▶ Records shown:

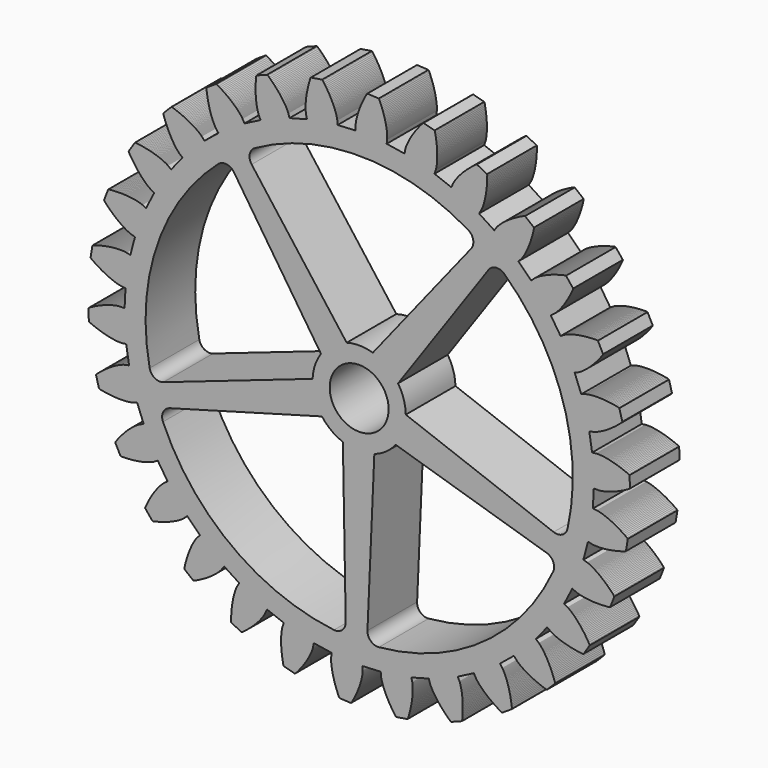
from build123d import *

# Parameters (mm, degrees)
F0_R     = 3.797782
F1_DEPTH = 8


# Not quite as in the source:
# - ends of sketch curves that miss each other by under 0.0002 mm in the source are joined


with BuildPart() as f1:
    # F0 (on Front) → F1 (new body)
    with BuildSketch(Plane.XZ):
        Polygon((-30.117293, 2.712268), (-30.236686, 0.387787), (-30.777096, 0.394663), (-30.78543, 0.394573), (-30.797925, 0.394291), (-30.814581, 0.393725), (-30.835394, 0.392777), (-30.86035, 0.391351), (-30.889447, 0.389347), (-30.92267, 0.386671), (-30.96001, 0.383226), (-31.001451, 0.378913), (-31.04698, 0.373644), (-31.096573, 0.367317), (-31.15022, 0.35984), (-31.207894, 0.351114), (-31.269576, 0.341048), (-31.335238, 0.329545), (-31.404858, 0.316515), (-31.478408, 0.301861), (-31.555862, 0.285489), (-31.637181, 0.26731), (-31.722344, 0.247231), (-31.811308, 0.225156), (-31.904043, 0.200998), (-32.000506, 0.174668), (-32.100667, 0.146072), (-32.204481, 0.115122), (-32.311902, 0.08173), (-32.422897, 0.045809), (-32.537413, 0.00727), (-32.655406, -0.033976), (-32.776828, -0.07801), (-32.901628, -0.12492), (-33.029758, -0.17479), (-33.161166, -0.227706), (-33.295794, -0.283746), (-33.433588, -0.342994), (-33.574489, -0.405532), (-33.718444, -0.471442), (-33.865391, -0.540798), (-34.015269, -0.613683), (-34.168013, -0.69017), (-34.323558, -0.770338), (-34.481844, -0.854264), (-34.6428, -0.942018), (-34.80636, -1.033678), (-34.915142, -1.127462), (-34.836389, -2.600837), (-34.718226, -2.682489), (-34.545831, -2.756192), (-34.376436, -2.826287), (-34.210107, -2.892861), (-34.046901, -2.955992), (-33.886875, -3.015765), (-33.730082, -3.072257), (-33.576582, -3.125552), (-33.426419, -3.175739), (-33.279653, -3.222902), (-33.136328, -3.267125), (-32.996493, -3.308494), (-32.860193, -3.347102), (-32.727478, -3.383027), (-32.598389, -3.416368), (-32.472965, -3.447208), (-32.351247, -3.475639), (-32.233276, -3.501753), (-32.119085, -3.52564), (-32.008712, -3.547388), (-31.902195, -3.567096), (-31.799556, -3.584851), (-31.700834, -3.600751), (-31.606052, -3.614884), (-31.515241, -3.627348), (-31.428425, -3.638238), (-31.345629, -3.647646), (-31.266877, -3.655665), (-31.192182, -3.662397), (-31.12157, -3.667931), (-31.055053, -3.67237), (-30.992651, -3.675804), (-30.934374, -3.67833), (-30.880239, -3.680046), (-30.830252, -3.68105), (-30.784423, -3.681442), (-30.742756, -3.681311), (-30.705264, -3.680754), (-30.671943, -3.679874), (-30.642798, -3.678764), (-30.617832, -3.677525), (-30.597037, -3.67625), (-30.580416, -3.675038), (-30.567963, -3.673983), (-30.559666, -3.673185), (-30.023068, -3.608741), (-29.656569, -5.907251), (-30.186598, -6.012883), (-30.194731, -6.014705), (-30.206896, -6.017575), (-30.223069, -6.021593), (-30.24323, -6.026847), (-30.267345, -6.033432), (-30.295389, -6.041444), (-30.327331, -6.050968), (-30.363138, -6.0621), (-30.402776, -6.074932), (-30.446213, -6.089552), (-30.493409, -6.106054), (-30.544327, -6.124522), (-30.598927, -6.145049), (-30.657167, -6.167716), (-30.719006, -6.192621), (-30.784395, -6.219842), (-30.853291, -6.249467), (-30.925647, -6.281584), (-31.00141, -6.316276), (-31.080535, -6.353622), (-31.162967, -6.393712), (-31.248651, -6.436619), (-31.337534, -6.482434), (-31.429559, -6.531227), (-31.52467, -6.583083), (-31.622805, -6.638081), (-31.723902, -6.696296), (-31.827901, -6.757801), (-31.934741, -6.822677), (-32.044356, -6.890995), (-32.156676, -6.962829), (-32.271639, -7.038248), (-32.389171, -7.117325), (-32.509204, -7.200134), (-32.63167, -7.286737), (-32.756491, -7.377204), (-32.8836, -7.471601), (-33.012915, -7.569996), (-33.144362, -7.672447), (-33.277866, -7.779019), (-33.413347, -7.889777), (-33.550722, -8.004778), (-33.689915, -8.12408), (-33.830841, -8.247742), (-33.91775, -8.362093), (-33.534386, -9.786899), (-33.401831, -9.842198), (-33.217875, -9.878447), (-33.03761, -9.911795), (-32.861075, -9.942331), (-32.68831, -9.97015), (-32.519351, -9.995342), (-32.354241, -10.018002), (-32.193013, -10.038218), (-32.035698, -10.056088), (-31.882334, -10.071706), (-31.732945, -10.085164), (-31.587564, -10.096556), (-31.446219, -10.105981), (-31.308935, -10.113529), (-31.175732, -10.119302), (-31.046637, -10.123391), (-30.921668, -10.125895), (-30.800844, -10.12691), (-30.684184, -10.126533), (-30.571702, -10.124861), (-30.463411, -10.121988), (-30.359328, -10.118017), (-30.259457, -10.113042), (-30.163809, -10.107162), (-30.072389, -10.100474), (-29.985208, -10.093073), (-29.902264, -10.085061), (-29.823564, -10.076532), (-29.749101, -10.067586), (-29.678882, -10.05832), (-29.612897, -10.04883), (-29.551143, -10.039216), (-29.493617, -10.029572), (-29.440304, -10.019994), (-29.391202, -10.010585), (-29.346292, -10.001433), (-29.305566, -9.992644), (-29.269008, -9.984306), (-29.236598, -9.976517), (-29.208323, -9.969373), (-29.184157, -9.962968), (-29.164084, -9.957396), (-29.148077, -9.952753), (-29.136115, -9.949134), (-29.128167, -9.946629), (-28.616692, -9.77203), (-27.780316, -11.94411), (-28.276802, -12.157635), (-28.284376, -12.161104), (-28.295679, -12.166445), (-28.310665, -12.173734), (-28.32929, -12.183066), (-28.351509, -12.194522), (-28.377274, -12.208187), (-28.40654, -12.224146), (-28.439249, -12.24248), (-28.475354, -12.263274), (-28.514803, -12.286605), (-28.557537, -12.312557), (-28.603499, -12.34121), (-28.652639, -12.372638), (-28.704893, -12.406921), (-28.760202, -12.444136), (-28.818503, -12.484359), (-28.879736, -12.527662), (-28.943833, -12.574122), (-29.010729, -12.623805), (-29.080359, -12.676786), (-29.152653, -12.733137), (-29.227546, -12.792923), (-29.304963, -12.856214), (-29.38483, -12.923076), (-29.467078, -12.993576), (-29.551635, -13.067774), (-29.63842, -13.145736), (-29.727361, -13.227522), (-29.818376, -13.313191), (-29.91139, -13.402805), (-30.006322, -13.496423), (-30.103092, -13.594095), (-30.201614, -13.695882), (-30.30181, -13.801836), (-30.403591, -13.912011), (-30.506877, -14.02645), (-30.611581, -14.145215), (-30.717611, -14.268342), (-30.824888, -14.395884), (-30.933315, -14.527888), (-31.042806, -14.664393), (-31.153272, -14.80544), (-31.264619, -14.951075), (-31.376755, -15.101334), (-31.437989, -15.231259), (-30.766769, -16.545219), (-30.625611, -16.571755), (-30.438141, -16.568964), (-30.254883, -16.564103), (-30.075854, -16.55727), (-29.901082, -16.548559), (-29.730578, -16.538074), (-29.564366, -16.525909), (-29.402457, -16.512163), (-29.244865, -16.496937), (-29.091602, -16.480325), (-28.942682, -16.462429), (-28.798109, -16.443348), (-28.657891, -16.423175), (-28.522037, -16.402017), (-28.390547, -16.379971), (-28.263422, -16.357128), (-28.140665, -16.333595), (-28.022269, -16.309468), (-27.908239, -16.284843), (-27.79856, -16.259821), (-27.693233, -16.234498), (-27.59225, -16.208972), (-27.495596, -16.183341), (-27.403258, -16.157704), (-27.315232, -16.132156), (-27.231492, -16.106792), (-27.152027, -16.081707), (-27.076817, -16.057004), (-27.005846, -16.032773), (-26.939084, -16.009107), (-26.876516, -15.986108), (-26.818111, -15.963862), (-26.763844, -15.942469), (-26.71369, -15.922016), (-26.667616, -15.902602), (-26.625593, -15.884318), (-26.587584, -15.86725), (-26.553558, -15.851493), (-26.523474, -15.837137), (-26.497303, -15.824267), (-26.474998, -15.812978), (-26.45652, -15.803357), (-26.441828, -15.795488), (-26.43088, -15.789461), (-26.423625, -15.785358), (-25.95963, -15.508231), (-24.68993, -17.458955), (-25.131172, -17.771036), (-25.137858, -17.776008), (-25.147804, -17.78358), (-25.160948, -17.793827), (-25.177226, -17.806827), (-25.196579, -17.822654), (-25.21894, -17.841377), (-25.244245, -17.863069), (-25.272428, -17.887806), (-25.303422, -17.915651), (-25.337156, -17.946674), (-25.373561, -17.980945), (-25.412564, -18.018526), (-25.454095, -18.059485), (-25.498078, -18.103883), (-25.544442, -18.151786), (-25.593107, -18.203251), (-25.643998, -18.258337), (-25.697034, -18.317107), (-25.75214, -18.379616), (-25.80923, -18.445915), (-25.86823, -18.516065), (-25.929055, -18.590115), (-25.99162, -18.668119), (-26.055842, -18.750127), (-26.121639, -18.836186), (-26.18892, -18.926343), (-26.2576, -19.020644), (-26.327591, -19.119135), (-26.398806, -19.221854), (-26.471157, -19.32885), (-26.544548, -19.440159), (-26.618897, -19.555818), (-26.694104, -19.675865), (-26.770078, -19.800333), (-26.846732, -19.92926), (-26.923967, -20.062677), (-27.00169, -20.200611), (-27.079805, -20.343095), (-27.158218, -20.490155), (-27.23683, -20.641817), (-27.315548, -20.798102), (-27.394273, -20.959035), (-27.47291, -21.124639), (-27.551356, -21.29493), (-27.584238, -21.434745), (-26.654497, -22.58044), (-26.510908, -22.577044), (-26.328115, -22.53534), (-26.149872, -22.492483), (-25.976178, -22.448575), (-25.807031, -22.403718), (-25.642436, -22.358013), (-25.482383, -22.311556), (-25.326869, -22.264447), (-25.175886, -22.216786), (-25.029428, -22.168674), (-24.887482, -22.120206), (-24.750039, -22.071484), (-24.617078, -22.022602), (-24.488591, -21.973661), (-24.364558, -21.924753), (-24.244961, -21.875982), (-24.129776, -21.827439), (-24.018988, -21.779224), (-23.912567, -21.73143), (-23.81049, -21.68415), (-23.71273, -21.637484), (-23.619258, -21.591518), (-23.530043, -21.546354), (-23.445058, -21.502078), (-23.364265, -21.458783), (-23.28763, -21.416565), (-23.215116, -21.37551), (-23.146686, -21.335705), (-23.082302, -21.297247), (-23.021919, -21.260222), (-22.965499, -21.224714), (-22.912998, -21.190814), (-22.864366, -21.158603), (-22.81956, -21.128174), (-22.778528, -21.099603), (-22.741225, -21.072978), (-22.707593, -21.048383), (-22.677588, -21.025893), (-22.651149, -21.005598), (-22.628223, -20.987571), (-22.608751, -20.971889), (-22.592679, -20.958637), (-22.579945, -20.947884), (-22.570489, -20.939713), (-22.564248, -20.934192), (-22.168008, -20.566649), (-20.520475, -22.210761), (-20.887189, -22.607763), (-20.892696, -22.614017), (-20.900852, -22.623489), (-20.911575, -22.636246), (-20.924794, -22.652345), (-20.940435, -22.671848), (-20.958416, -22.694813), (-20.978656, -22.721293), (-21.00108, -22.751347), (-21.025609, -22.785027), (-21.052156, -22.822388), (-21.08064, -22.863478), (-21.110978, -22.908346), (-21.143085, -22.957047), (-21.176875, -23.009621), (-21.212265, -23.066114), (-21.249167, -23.126571), (-21.287492, -23.191038), (-21.32715, -23.259549), (-21.368056, -23.332148), (-21.410118, -23.408869), (-21.453243, -23.489752), (-21.497341, -23.574832), (-21.54232, -23.664138), (-21.588089, -23.757705), (-21.634556, -23.855564), (-21.681622, -23.957738), (-21.729193, -24.064259), (-21.777179, -24.175147), (-21.825481, -24.290433), (-21.874003, -24.410131), (-21.922651, -24.534265), (-21.971327, -24.662857), (-22.019932, -24.795917), (-22.068368, -24.933463), (-22.116542, -25.075509), (-22.164347, -25.222067), (-22.211693, -25.373147), (-22.258478, -25.528758), (-22.304601, -25.688907), (-22.349966, -25.853599), (-22.39447, -26.022834), (-22.438016, -26.196622), (-22.4805, -26.374952), (-22.521828, -26.557834), (-22.524924, -26.701428), (-21.377296, -27.628784), (-21.237551, -27.59561), (-21.067422, -27.516811), (-20.901984, -27.43783), (-20.741215, -27.35877), (-20.585091, -27.279729), (-20.433593, -27.200799), (-20.2867, -27.122079), (-20.14438, -27.043669), (-20.006604, -26.965657), (-19.873351, -26.888147), (-19.744583, -26.811225), (-19.620272, -26.734989), (-19.500382, -26.659535), (-19.384876, -26.584948), (-19.273723, -26.511321), (-19.166879, -26.438752), (-19.064306, -26.367321), (-18.965959, -26.297125), (-18.871803, -26.228249), (-18.781785, -26.16078), (-18.695864, -26.094807), (-18.613991, -26.030414), (-18.53612, -25.967686), (-18.462194, -25.906708), (-18.392167, -25.847561), (-18.325983, -25.790333), (-18.263592, -25.735096), (-18.204934, -25.681938), (-18.149953, -25.630933), (-18.098587, -25.582161), (-18.050785, -25.535699), (-18.006475, -25.491622), (-17.965603, -25.450006), (-17.928105, -25.410925), (-17.893908, -25.374448), (-17.862956, -25.340648), (-17.835176, -25.309598), (-17.810498, -25.281364), (-17.788858, -25.256012), (-17.77018, -25.233613), (-17.754397, -25.214226), (-17.74143, -25.197921), (-17.73121, -25.184758), (-17.723657, -25.174797), (-17.718701, -25.1681), (-17.407539, -24.726208), (-15.454178, -25.991848), (-15.730336, -26.456421), (-15.734425, -26.463682), (-15.740428, -26.474642), (-15.748268, -26.489349), (-15.757852, -26.507846), (-15.769095, -26.530174), (-15.781906, -26.556375), (-15.796199, -26.586485), (-15.811886, -26.620547), (-15.828874, -26.65859), (-15.847074, -26.700654), (-15.866393, -26.746767), (-15.886738, -26.796965), (-15.90802, -26.851275), (-15.930144, -26.909723), (-15.953012, -26.972341), (-15.976537, -27.03915), (-16.000624, -27.110176), (-16.025171, -27.185435), (-16.050087, -27.26495), (-16.075278, -27.348743), (-16.100644, -27.436827), (-16.126089, -27.529213), (-16.15152, -27.62592), (-16.176834, -27.726959), (-16.201938, -27.83234), (-16.226734, -27.942068), (-16.25112, -28.05615), (-16.275, -28.174592), (-16.298277, -28.297401), (-16.320853, -28.424572), (-16.342627, -28.556109), (-16.363504, -28.692008), (-16.383382, -28.832265), (-16.402164, -28.976876), (-16.41975, -29.125836), (-16.436042, -29.279132), (-16.450941, -29.436754), (-16.464351, -29.598691), (-16.476171, -29.76493), (-16.4863, -29.935455), (-16.494647, -30.110247), (-16.501106, -30.289289), (-16.505586, -30.472558), (-16.507987, -30.660033), (-16.481161, -30.801135), (-15.165804, -31.46962), (-15.036009, -31.408114), (-14.885984, -31.295666), (-14.740578, -31.184016), (-14.599759, -31.073258), (-14.463485, -30.963482), (-14.331709, -30.85478), (-14.204389, -30.747238), (-14.081481, -30.64095), (-13.962936, -30.536001), (-13.84871, -30.432477), (-13.738751, -30.330467), (-13.633005, -30.230051), (-13.531424, -30.131317), (-13.433949, -30.034345), (-13.34053, -29.939218), (-13.251109, -29.846017), (-13.165631, -29.754823), (-13.084028, -29.665714), (-13.006248, -29.578767), (-12.932225, -29.494055), (-12.8619, -29.411661), (-12.795204, -29.331653), (-12.732075, -29.254105), (-12.672443, -29.17909), (-12.616244, -29.106677), (-12.563407, -29.036936), (-12.513861, -28.969938), (-12.467537, -28.905743), (-12.424362, -28.844421), (-12.384261, -28.786036), (-12.347159, -28.730652), (-12.312985, -28.678326), (-12.281659, -28.629124), (-12.253104, -28.583095), (-12.227241, -28.540308), (-12.203991, -28.500812), (-12.183273, -28.464663), (-12.165006, -28.431915), (-12.149109, -28.402619), (-12.135497, -28.376827), (-12.124089, -28.354584), (-12.114797, -28.335939), (-12.107536, -28.320936), (-12.102219, -28.309623), (-12.098762, -28.302043), (-11.886273, -27.805112), (-9.712457, -28.636969), (-9.885991, -29.148803), (-9.888481, -29.156756), (-9.892077, -29.168727), (-9.896684, -29.184743), (-9.902215, -29.204828), (-9.908568, -29.229007), (-9.915652, -29.257299), (-9.923375, -29.289724), (-9.931636, -29.326301), (-9.940343, -29.367045), (-9.949399, -29.41197), (-9.958709, -29.461095), (-9.968174, -29.514426), (-9.977699, -29.571974), (-9.987184, -29.633745), (-9.996536, -29.69975), (-10.005658, -29.769989), (-10.014448, -29.844467), (-10.022813, -29.923189), (-10.030654, -30.006149), (-10.037871, -30.093346), (-10.044369, -30.184777), (-10.05005, -30.280437), (-10.054819, -30.380318), (-10.058572, -30.484413), (-10.061218, -30.592709), (-10.062657, -30.705193), (-10.062791, -30.821853), (-10.061524, -30.942674), (-10.058761, -31.067638), (-10.054403, -31.196723), (-10.048355, -31.329914), (-10.040519, -31.467183), (-10.030803, -31.608508), (-10.019107, -31.753864), (-10.005337, -31.903226), (-9.989401, -32.056555), (-9.971203, -32.213835), (-9.950652, -32.375019), (-9.927651, -32.540083), (-9.902105, -32.708989), (-9.873925, -32.881695), (-9.843023, -33.058166), (-9.8093, -33.238362), (-9.772669, -33.422241), (-9.717093, -33.554681), (-8.291494, -33.935079), (-8.177324, -33.847934), (-8.053955, -33.70675), (-7.934941, -33.567309), (-7.820229, -33.429692), (-7.709752, -33.293984), (-7.603458, -33.160258), (-7.501278, -33.028596), (-7.403157, -32.899076), (-7.309024, -32.771775), (-7.218815, -32.646765), (-7.132468, -32.52412), (-7.049909, -32.403912), (-6.971077, -32.286217), (-6.895894, -32.171096), (-6.824295, -32.058628), (-6.756206, -31.948872), (-6.691553, -31.841899), (-6.630264, -31.737768), (-6.572261, -31.63655), (-6.517467, -31.538303), (-6.465809, -31.443086), (-6.417205, -31.350957), (-6.371579, -31.261979), (-6.328847, -31.176205), (-6.288931, -31.093692), (-6.251747, -31.014491), (-6.217216, -30.938653), (-6.185251, -30.866231), (-6.155766, -30.797271), (-6.128682, -30.731825), (-6.103907, -30.669935), (-6.081359, -30.61165), (-6.060948, -30.557008), (-6.042585, -30.506051), (-6.026183, -30.458819), (-6.011653, -30.415353), (-5.998901, -30.375689), (-5.987843, -30.339859), (-5.978384, -30.307895), (-5.970435, -30.279837), (-5.963899, -30.255706), (-5.958685, -30.235535), (-5.954704, -30.219354), (-5.951856, -30.207184), (-5.950052, -30.199048), (-5.845524, -29.668799), (-3.546256, -30.030514), (-3.609582, -30.567246), (-3.610363, -30.575542), (-3.611391, -30.587998), (-3.61257, -30.604624), (-3.6138, -30.62542), (-3.614992, -30.650388), (-3.61604, -30.679535), (-3.616851, -30.712857), (-3.617328, -30.750352), (-3.617371, -30.792017), (-3.616888, -30.837847), (-3.61578, -30.887832), (-3.613952, -30.941963), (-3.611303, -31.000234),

▶ Task description: If a line in the material above holds "source", copy it.

▶ Finished task:
# Not quite as in the source:
# - ends of sketch curves that miss each other by under 0.0002 mm in the source are joined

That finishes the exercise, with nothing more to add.